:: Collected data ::
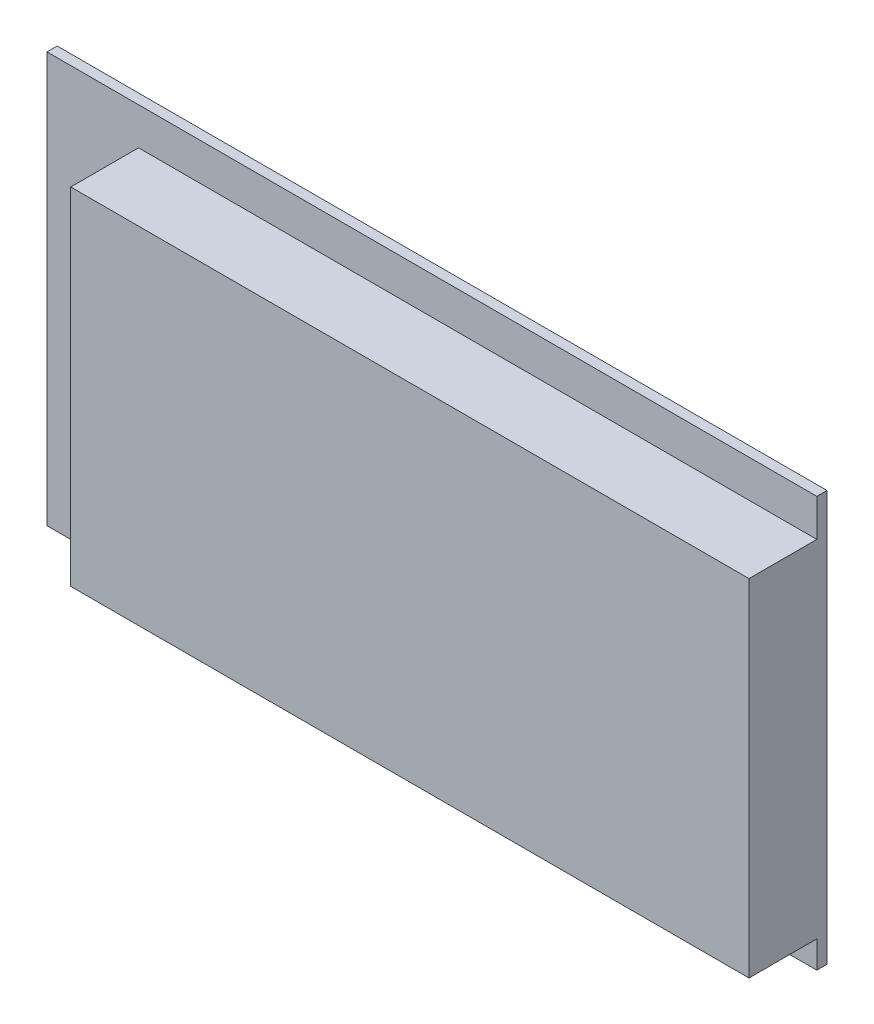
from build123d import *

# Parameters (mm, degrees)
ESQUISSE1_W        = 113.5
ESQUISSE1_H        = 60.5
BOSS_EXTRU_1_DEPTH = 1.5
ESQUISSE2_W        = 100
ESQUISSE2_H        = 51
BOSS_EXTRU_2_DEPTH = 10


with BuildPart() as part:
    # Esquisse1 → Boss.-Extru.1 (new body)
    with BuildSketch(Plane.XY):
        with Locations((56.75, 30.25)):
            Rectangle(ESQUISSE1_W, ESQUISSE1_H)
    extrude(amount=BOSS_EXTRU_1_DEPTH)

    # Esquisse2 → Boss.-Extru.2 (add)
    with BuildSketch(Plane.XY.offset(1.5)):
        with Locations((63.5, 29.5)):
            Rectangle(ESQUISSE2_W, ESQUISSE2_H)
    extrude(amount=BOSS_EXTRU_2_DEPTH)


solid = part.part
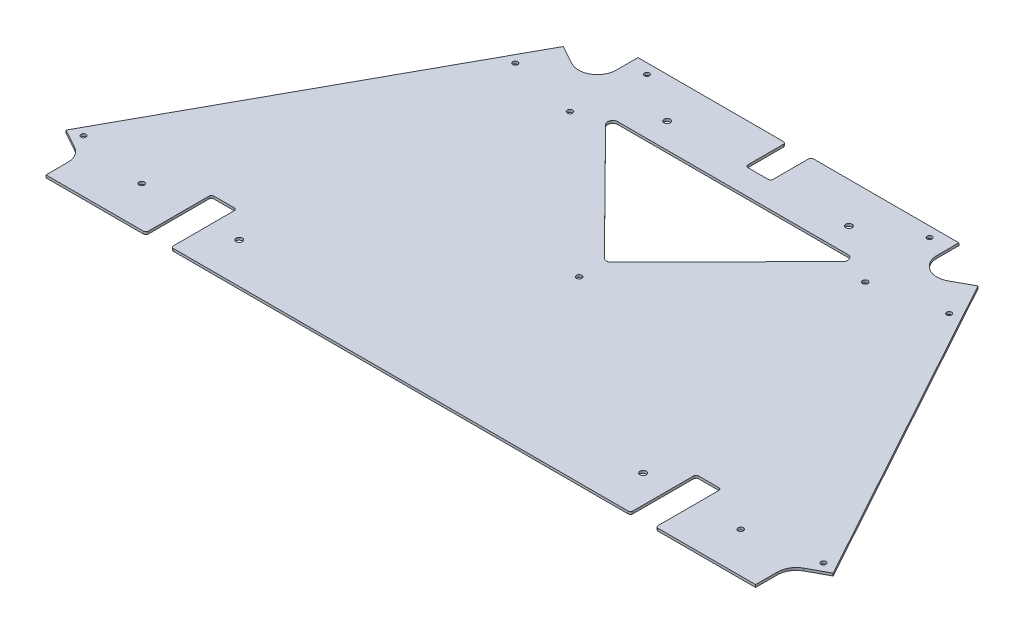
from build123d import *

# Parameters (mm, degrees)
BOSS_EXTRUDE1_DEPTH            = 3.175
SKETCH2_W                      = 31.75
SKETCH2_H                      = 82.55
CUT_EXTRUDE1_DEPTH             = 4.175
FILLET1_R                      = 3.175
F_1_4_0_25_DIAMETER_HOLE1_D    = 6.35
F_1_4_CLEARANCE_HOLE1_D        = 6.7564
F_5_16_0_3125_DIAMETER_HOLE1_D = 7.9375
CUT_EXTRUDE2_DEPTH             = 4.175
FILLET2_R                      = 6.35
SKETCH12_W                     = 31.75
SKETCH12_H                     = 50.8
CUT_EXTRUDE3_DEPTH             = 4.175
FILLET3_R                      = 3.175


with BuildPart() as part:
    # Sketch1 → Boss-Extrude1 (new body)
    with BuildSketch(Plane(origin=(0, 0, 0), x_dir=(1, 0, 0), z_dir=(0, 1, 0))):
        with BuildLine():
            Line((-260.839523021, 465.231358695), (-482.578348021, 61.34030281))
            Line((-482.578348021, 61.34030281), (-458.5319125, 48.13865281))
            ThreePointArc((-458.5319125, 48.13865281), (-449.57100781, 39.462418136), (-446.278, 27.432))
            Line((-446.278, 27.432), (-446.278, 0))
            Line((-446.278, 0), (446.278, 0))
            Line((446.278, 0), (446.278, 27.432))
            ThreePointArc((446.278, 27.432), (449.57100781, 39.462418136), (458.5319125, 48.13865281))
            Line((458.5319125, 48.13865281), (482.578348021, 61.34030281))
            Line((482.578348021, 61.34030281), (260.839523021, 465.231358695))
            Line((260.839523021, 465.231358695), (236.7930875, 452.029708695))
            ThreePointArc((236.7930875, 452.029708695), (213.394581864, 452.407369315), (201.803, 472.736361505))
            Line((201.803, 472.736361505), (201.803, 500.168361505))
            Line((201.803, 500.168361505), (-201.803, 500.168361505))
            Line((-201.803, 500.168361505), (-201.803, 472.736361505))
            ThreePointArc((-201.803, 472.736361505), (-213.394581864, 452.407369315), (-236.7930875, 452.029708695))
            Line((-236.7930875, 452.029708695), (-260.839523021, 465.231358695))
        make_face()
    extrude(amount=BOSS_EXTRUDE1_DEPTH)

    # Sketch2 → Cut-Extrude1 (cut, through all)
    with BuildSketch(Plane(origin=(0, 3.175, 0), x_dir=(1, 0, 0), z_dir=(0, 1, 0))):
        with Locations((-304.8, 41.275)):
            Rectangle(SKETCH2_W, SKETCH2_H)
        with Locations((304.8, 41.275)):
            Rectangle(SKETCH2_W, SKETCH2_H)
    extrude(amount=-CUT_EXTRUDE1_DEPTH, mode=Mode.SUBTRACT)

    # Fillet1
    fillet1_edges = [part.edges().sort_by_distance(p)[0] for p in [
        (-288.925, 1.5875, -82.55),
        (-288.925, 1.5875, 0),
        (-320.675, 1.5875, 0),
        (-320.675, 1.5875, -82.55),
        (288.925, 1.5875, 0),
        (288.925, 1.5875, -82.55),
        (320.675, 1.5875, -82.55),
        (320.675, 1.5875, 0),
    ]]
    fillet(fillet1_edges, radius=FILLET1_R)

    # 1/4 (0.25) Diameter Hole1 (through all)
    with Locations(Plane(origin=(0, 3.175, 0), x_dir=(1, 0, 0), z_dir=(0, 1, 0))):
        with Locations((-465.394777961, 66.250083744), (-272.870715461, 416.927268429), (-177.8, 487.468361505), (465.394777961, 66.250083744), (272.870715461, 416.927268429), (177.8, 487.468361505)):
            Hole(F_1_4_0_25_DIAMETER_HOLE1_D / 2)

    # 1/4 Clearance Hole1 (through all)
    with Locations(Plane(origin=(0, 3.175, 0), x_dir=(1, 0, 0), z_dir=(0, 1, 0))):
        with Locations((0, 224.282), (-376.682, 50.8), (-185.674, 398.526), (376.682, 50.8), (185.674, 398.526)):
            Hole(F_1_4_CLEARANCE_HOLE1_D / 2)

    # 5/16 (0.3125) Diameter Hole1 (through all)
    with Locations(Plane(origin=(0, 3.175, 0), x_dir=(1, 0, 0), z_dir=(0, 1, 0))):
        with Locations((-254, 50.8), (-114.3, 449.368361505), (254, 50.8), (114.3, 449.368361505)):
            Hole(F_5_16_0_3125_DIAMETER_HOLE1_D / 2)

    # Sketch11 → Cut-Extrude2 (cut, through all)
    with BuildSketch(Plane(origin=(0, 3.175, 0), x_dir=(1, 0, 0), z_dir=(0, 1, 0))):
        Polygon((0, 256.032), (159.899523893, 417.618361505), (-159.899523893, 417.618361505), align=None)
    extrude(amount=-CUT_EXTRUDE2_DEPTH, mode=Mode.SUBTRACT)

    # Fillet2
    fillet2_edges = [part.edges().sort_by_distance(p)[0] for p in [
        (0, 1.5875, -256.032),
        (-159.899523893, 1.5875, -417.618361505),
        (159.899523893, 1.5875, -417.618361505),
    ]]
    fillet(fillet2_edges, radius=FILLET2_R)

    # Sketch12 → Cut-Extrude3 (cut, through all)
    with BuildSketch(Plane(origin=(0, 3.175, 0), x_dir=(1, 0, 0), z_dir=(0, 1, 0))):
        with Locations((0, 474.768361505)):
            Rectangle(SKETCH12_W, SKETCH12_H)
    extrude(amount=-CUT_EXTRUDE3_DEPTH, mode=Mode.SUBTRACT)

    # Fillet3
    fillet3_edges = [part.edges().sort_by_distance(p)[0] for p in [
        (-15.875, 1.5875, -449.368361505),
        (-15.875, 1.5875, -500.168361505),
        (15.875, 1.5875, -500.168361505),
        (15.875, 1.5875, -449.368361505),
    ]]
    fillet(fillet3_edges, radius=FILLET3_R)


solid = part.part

:: Task details ::
A faithful, word-for-word copy of the records above, pictures left out, is the answer.

:: Finished exercise ::
from build123d import *

# Parameters (mm, degrees)
ESQUISSE1_W        = 113.5
ESQUISSE1_H        = 60.5
BOSS_EXTRU_1_DEPTH = 1.5
ESQUISSE2_W        = 100
ESQUISSE2_H        = 51
BOSS_EXTRU_2_DEPTH = 10


with BuildPart() as part:
    # Esquisse1 → Boss.-Extru.1 (new body)
    with BuildSketch(Plane.XY):
        with Locations((56.75, 30.25)):
            Rectangle(ESQUISSE1_W, ESQUISSE1_H)
    extrude(amount=BOSS_EXTRU_1_DEPTH)

    # Esquisse2 → Boss.-Extru.2 (add)
    with BuildSketch(Plane.XY.offset(1.5)):
        with Locations((63.5, 29.5)):
            Rectangle(ESQUISSE2_W, ESQUISSE2_H)
    extrude(amount=BOSS_EXTRU_2_DEPTH)


solid = part.part
from build123d import *

# Parameters (mm, degrees)
BOSS_EXTRUDE1_DEPTH            = 3.175
SKETCH2_W                      = 31.75
SKETCH2_H                      = 82.55
CUT_EXTRUDE1_DEPTH             = 4.175
FILLET1_R                      = 3.175
F_1_4_0_25_DIAMETER_HOLE1_D    = 6.35
F_1_4_CLEARANCE_HOLE1_D        = 6.7564
F_5_16_0_3125_DIAMETER_HOLE1_D = 7.9375
CUT_EXTRUDE2_DEPTH             = 4.175
FILLET2_R                      = 6.35
SKETCH12_W                     = 31.75
SKETCH12_H                     = 50.8
CUT_EXTRUDE3_DEPTH             = 4.175
FILLET3_R                      = 3.175


with BuildPart() as part:
    # Sketch1 → Boss-Extrude1 (new body)
    with BuildSketch(Plane(origin=(0, 0, 0), x_dir=(1, 0, 0), z_dir=(0, 1, 0))):
        with BuildLine():
            Line((-260.839523021, 465.231358695), (-482.578348021, 61.34030281))
            Line((-482.578348021, 61.34030281), (-458.5319125, 48.13865281))
            ThreePointArc((-458.5319125, 48.13865281), (-449.57100781, 39.462418136), (-446.278, 27.432))
            Line((-446.278, 27.432), (-446.278, 0))
            Line((-446.278, 0), (446.278, 0))
            Line((446.278, 0), (446.278, 27.432))
            ThreePointArc((446.278, 27.432), (449.57100781, 39.462418136), (458.5319125, 48.13865281))
            Line((458.5319125, 48.13865281), (482.578348021, 61.34030281))
            Line((482.578348021, 61.34030281), (260.839523021, 465.231358695))
            Line((260.839523021, 465.231358695), (236.7930875, 452.029708695))
            ThreePointArc((236.7930875, 452.029708695), (213.394581864, 452.407369315), (201.803, 472.736361505))
            Line((201.803, 472.736361505), (201.803, 500.168361505))
            Line((201.803, 500.168361505), (-201.803, 500.168361505))
            Line((-201.803, 500.168361505), (-201.803, 472.736361505))
            ThreePointArc((-201.803, 472.736361505), (-213.394581864, 452.407369315), (-236.7930875, 452.029708695))
            Line((-236.7930875, 452.029708695), (-260.839523021, 465.231358695))
        make_face()
    extrude(amount=BOSS_EXTRUDE1_DEPTH)

    # Sketch2 → Cut-Extrude1 (cut, through all)
    with BuildSketch(Plane(origin=(0, 3.175, 0), x_dir=(1, 0, 0), z_dir=(0, 1, 0))):
        with Locations((-304.8, 41.275)):
            Rectangle(SKETCH2_W, SKETCH2_H)
        with Locations((304.8, 41.275)):
            Rectangle(SKETCH2_W, SKETCH2_H)
    extrude(amount=-CUT_EXTRUDE1_DEPTH, mode=Mode.SUBTRACT)

    # Fillet1
    fillet1_edges = [part.edges().sort_by_distance(p)[0] for p in [
        (-288.925, 1.5875, -82.55),
        (-288.925, 1.5875, 0),
        (-320.675, 1.5875, 0),
        (-320.675, 1.5875, -82.55),
        (288.925, 1.5875, 0),
        (288.925, 1.5875, -82.55),
        (320.675, 1.5875, -82.55),
        (320.675, 1.5875, 0),
    ]]
    fillet(fillet1_edges, radius=FILLET1_R)

    # 1/4 (0.25) Diameter Hole1 (through all)
    with Locations(Plane(origin=(0, 3.175, 0), x_dir=(1, 0, 0), z_dir=(0, 1, 0))):
        with Locations((-465.394777961, 66.250083744), (-272.870715461, 416.927268429), (-177.8, 487.468361505), (465.394777961, 66.250083744), (272.870715461, 416.927268429), (177.8, 487.468361505)):
            Hole(F_1_4_0_25_DIAMETER_HOLE1_D / 2)

    # 1/4 Clearance Hole1 (through all)
    with Locations(Plane(origin=(0, 3.175, 0), x_dir=(1, 0, 0), z_dir=(0, 1, 0))):
        with Locations((0, 224.282), (-376.682, 50.8), (-185.674, 398.526), (376.682, 50.8), (185.674, 398.526)):
            Hole(F_1_4_CLEARANCE_HOLE1_D / 2)

    # 5/16 (0.3125) Diameter Hole1 (through all)
    with Locations(Plane(origin=(0, 3.175, 0), x_dir=(1, 0, 0), z_dir=(0, 1, 0))):
        with Locations((-254, 50.8), (-114.3, 449.368361505), (254, 50.8), (114.3, 449.368361505)):
            Hole(F_5_16_0_3125_DIAMETER_HOLE1_D / 2)

    # Sketch11 → Cut-Extrude2 (cut, through all)
    with BuildSketch(Plane(origin=(0, 3.175, 0), x_dir=(1, 0, 0), z_dir=(0, 1, 0))):
        Polygon((0, 256.032), (159.899523893, 417.618361505), (-159.899523893, 417.618361505), align=None)
    extrude(amount=-CUT_EXTRUDE2_DEPTH, mode=Mode.SUBTRACT)

    # Fillet2
    fillet2_edges = [part.edges().sort_by_distance(p)[0] for p in [
        (0, 1.5875, -256.032),
        (-159.899523893, 1.5875, -417.618361505),
        (159.899523893, 1.5875, -417.618361505),
    ]]
    fillet(fillet2_edges, radius=FILLET2_R)

    # Sketch12 → Cut-Extrude3 (cut, through all)
    with BuildSketch(Plane(origin=(0, 3.175, 0), x_dir=(1, 0, 0), z_dir=(0, 1, 0))):
        with Locations((0, 474.768361505)):
            Rectangle(SKETCH12_W, SKETCH12_H)
    extrude(amount=-CUT_EXTRUDE3_DEPTH, mode=Mode.SUBTRACT)

    # Fillet3
    fillet3_edges = [part.edges().sort_by_distance(p)[0] for p in [
        (-15.875, 1.5875, -449.368361505),
        (-15.875, 1.5875, -500.168361505),
        (15.875, 1.5875, -500.168361505),
        (15.875, 1.5875, -449.368361505),
    ]]
    fillet(fillet3_edges, radius=FILLET3_R)


solid = part.part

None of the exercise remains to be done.